Skip to content
Snippets Groups Projects

This is a python grid job submission library (jess) with the following features:

  • supports multiple backends including CREAM, ARC, HTCONDOR, etc.
  • backends can have both native API and/or run via command line tools
  • jdl and payload factories
  • different job pooling/tracking strategies
  • detailed debugging log per job if using command line backends
  • provides nagios plugins to test basic functionality of CEs

Jess API offers the following interfaces that can be combined to develop different job management strategies and job workflows:

  • set of static backends with generic API (submit, cancel, purge, log, status, output), which either directly submit the job via command tools or call a native API
  • high-level job submission API (job management interface (jmi))
  • support for direct submissions via shell command to CREAM (glite-ce-job-submit) and ARC (arcsub)
  • support for job submissions via local or remote HTCondor pool to a number of different CEs (CREAM, ARC, Globus, HTCondor-CE, etc.) via shell commands (condor_submit, etc)
  • jdl API supporting serialisation to CREAM_CE, ARC and HTCondor formats
  • simple payload API that builds a tarball from a set of directories
  • simple tracker that will submit and follow up on the status/execution of a single job per CE

Jess can be installed from the following yum repo(s):

http://linuxsoft.cern.ch/internal/repos/etf8s-qa/x86_64/os/
http://linuxsoft.cern.ch/internal/repos/etf7-qa/x86_64/os/

via: yum install python2-jess or python3-jess.

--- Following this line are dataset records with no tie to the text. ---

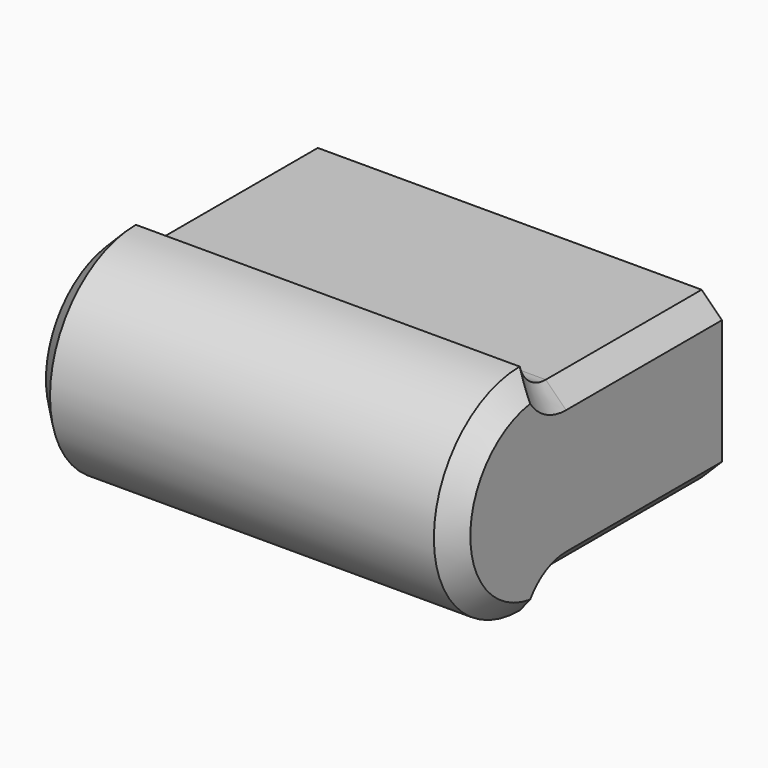
from build123d import *

# Parameters (mm, degrees)
F4_DEPTH      = 0.8
F4_DEPTH_BACK = 36.9
F5_DEPTH      = 36.1
F6_T1_DEPTH   = 37.7
F7_SIZE       = 1.8
F8_SIZE       = 1.8


# Not quite as in the source:
# - a fillet or chamfer that OpenCascade refuses, or shapes differently, is made with other operations: its cross-section is extruded or revolved along the edge and cut away or added


with BuildPart() as f4:
    # F3 (on Right) → F4 (new body, two sides)
    with BuildSketch(Plane.YZ) as f4_sk:
        with BuildLine():
            Line((20.2, 6.5358882766), (0, 6.5358882766))
            ThreePointArc((0, 6.5358882766), (-6.5358882766, 0), (0, -6.5358882766))
            Line((0, -6.5358882766), (20.2, -6.5358882766))
            Line((20.2, -6.5358882766), (20.2, 6.5358882766))
        make_face()
        with BuildLine():
            ThreePointArc((0, -6.5358882766), (-6.5358882766, 0), (0, 6.5358882766))
            Line((0, 6.5358882766), (20.2, 6.5358882766))
            Line((20.2, 6.5358882766), (20.2, 7.3358882766))
            Line((20.2, 7.3358882766), (0, 7.3358882766))
            Line((0, 7.3358882766), (0, 9.5358882766))
            ThreePointArc((0, 9.5358882766), (-9.5358882766, 0), (0, -9.5358882766))
            Line((0, -9.5358882766), (0, -7.3358882766))
            Line((0, -7.3358882766), (20.2, -7.3358882766))
            Line((20.2, -7.3358882766), (20.2, -6.5358882766))
            Line((20.2, -6.5358882766), (0, -6.5358882766))
        make_face()
    extrude(amount=-F4_DEPTH)
    extrude(f4_sk.sketch, amount=F4_DEPTH_BACK)

    # F3 (on Right) → F5 (cut)
    with BuildSketch(Plane.YZ):
        with BuildLine():
            Line((20.2, 6.5358882766), (0, 6.5358882766))
            ThreePointArc((0, 6.5358882766), (-6.5358882766, 0), (0, -6.5358882766))
            Line((0, -6.5358882766), (20.2, -6.5358882766))
            Line((20.2, -6.5358882766), (20.2, 6.5358882766))
        make_face()
    extrude(amount=F5_DEPTH, mode=Mode.SUBTRACT)

    # F6: fillet of radius 3 on 2 edges, made by hand

    # F6_s2 → F6_t1 (join)
    with BuildSketch(Plane.YZ.offset(-0.8)):
        with BuildLine():
            ThreePointArc((2.891366459, 7.3358882766), (1.0747762465, 7.9484209993), (0, 9.5358882766))
            Line((0, 9.5358882766), (0, 7.3358882766))
            Line((0, 7.3358882766), (2.891366459, 7.3358882766))
        make_face()
        with BuildLine():
            ThreePointArc((0, -9.5358882766), (1.0747762465, -7.9484209993), (2.891366459, -7.3358882766))
            Line((2.891366459, -7.3358882766), (0, -7.3358882766))
            Line((0, -7.3358882766), (0, -9.5358882766))
        make_face()
    extrude(amount=F6_T1_DEPTH)

    # F7
    f7_edges = [f4.edges().sort_by_distance(p)[0] for p in [
        (36.1, 10.1, 6.535888),
        (0, -6.535888, 0),
    ]]
    chamfer(f7_edges, length=F7_SIZE)

    # F8
    f8_edges = [f4.edges().sort_by_distance(p)[0] for p in [
        (36.9, 11.545683, 7.335888),
        (36.9, 1.074776, 7.948421),
        (36.9, -9.535888, 0),
        (36.9, 1.074776, -7.948421),
        (36.9, 11.545683, -7.335888),
        (-0.8, 11.545683, 7.335888),
        (-0.8, 1.074776, 7.948421),
        (-0.8, -9.535888, 0),
        (-0.8, 1.074776, -7.948421),
        (-0.8, 11.545683, -7.335888),
    ]]
    chamfer(f8_edges, length=F8_SIZE)


solid = f4.part

Additional packages needed for specific backends are as follows:

  • HTCondor: condor condor-python (for remote pool), for local pool grid-universe condor service needs to be running on the host
  • ARC: nordugrid-arc-plugins-globus
  • CREAM-CE: glite-ce-cream-cli

Jess also contains a nagios plugin that uses the simple tracker to submit a job and follow its status for a given CE. In order to access CE's API a local proxy file needs to be specified that contains a valid x509 proxy (including any voms extensions if needed). Working directory hosting job data for each CE will be created under --work-dir. Resource to submit to is specified using the following format, e.g.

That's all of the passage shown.